Content starts
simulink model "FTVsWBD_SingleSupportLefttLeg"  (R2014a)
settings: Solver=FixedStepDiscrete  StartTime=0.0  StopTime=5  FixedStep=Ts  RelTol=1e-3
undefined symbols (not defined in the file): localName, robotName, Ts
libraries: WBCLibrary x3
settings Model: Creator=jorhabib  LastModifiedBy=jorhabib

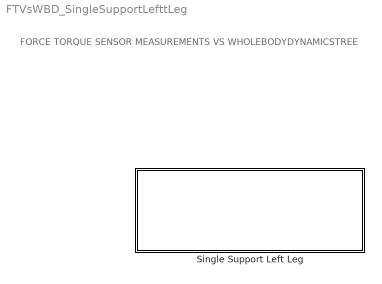
== system FTVsWBD_SingleSupportLefttLeg ==
  note: FORCE TORQUE SENSOR MEASUREMENTS
      |                                   VS
      |              WHOLEBODYDYNAMICSTREE
  Single Support Left Leg : Subsystem  mask{robotName=robotName, localName=localName, Ts=Ts}
      mask prompts: robotName "Robot Name"; localName "Local Name"; Ts "Simulation Period"

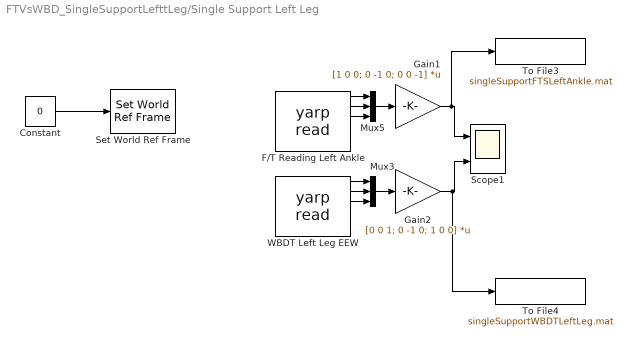
== system FTVsWBD_SingleSupportLefttLeg/Single Support Left Leg ==
  Constant : Constant  Value=0  OutDataTypeStr=int8
  F/T Reading Left Ankle : WBCLibrary/Utilities/yarp read  from=['/icub' '/left_foot/analog:o']  to='...'  num=6
  Gain1 : Gain  Gain=[1 0 0; 0 -1 0; 0 0 -1]  Multiplication=Matrix(K*u)
  Gain2 : Gain  Gain=[0 0 1; 0 -1 0; 1 0 0]  Multiplication=Matrix(K*u)
  Mux3 : Mux  Inputs=3
  Mux5 : Mux  Inputs=3
  Scope1 : Scope  NumInputPorts=2
      settings: YMin=40~-30  YMax=130~140
  Set World Ref Frame : WBCLibrary/wholeBodyModel/Set World Ref Frame  robotName=robotName  localName=localName
  To File3 : ToFile  Filename=singleSupportFTSLeftAnkle.mat  MatrixName=singleSupportFTSLeftAnkle  SaveFormat=Timeseries  SampleTime=Ts
  To File4 : ToFile  Filename=singleSupportWBDTLeftLeg.mat  MatrixName=singleSupportWBDTLeftLeg  SaveFormat=Timeseries
  WBDT Left Leg EEW : WBCLibrary/Utilities/yarp read  from=['/wholeBodyDynamicsTree' '/left_leg/endEffectorWrench:o']  to='...'  num=6
  wires:
  Mux3/1 -> Gain2/1
  Mux5/1 -> Gain1/1
  WBDT Left Leg EEW/3 -> Mux3/3
  WBDT Left Leg EEW/2 -> Mux3/2
  WBDT Left Leg EEW/1 -> Mux3/1
  F/T Reading Left Ankle/3 -> Mux5/3
  F/T Reading Left Ankle/2 -> Mux5/2
  F/T Reading Left Ankle/1 -> Mux5/1
  Gain2/1 -> Scope1/2, To File4/1
  Gain1/1 -> Scope1/1, To File3/1
  Constant/1 -> Set World Ref Frame/1
Content ends
# TASK BRIEF
Please quote exactly the lines from the one containing "WBDT Left Leg EEW/3 -> Mux3/3" through the last line of the records above, both included, and nothing else.

# SOLUTION FOR THIS TASK
  WBDT Left Leg EEW/3 -> Mux3/3
  WBDT Left Leg EEW/2 -> Mux3/2
  WBDT Left Leg EEW/1 -> Mux3/1
  F/T Reading Left Ankle/3 -> Mux5/3
  F/T Reading Left Ankle/2 -> Mux5/2
  F/T Reading Left Ankle/1 -> Mux5/1
  Gain2/1 -> Scope1/2, To File4/1
  Gain1/1 -> Scope1/1, To File3/1
  Constant/1 -> Set World Ref Frame/1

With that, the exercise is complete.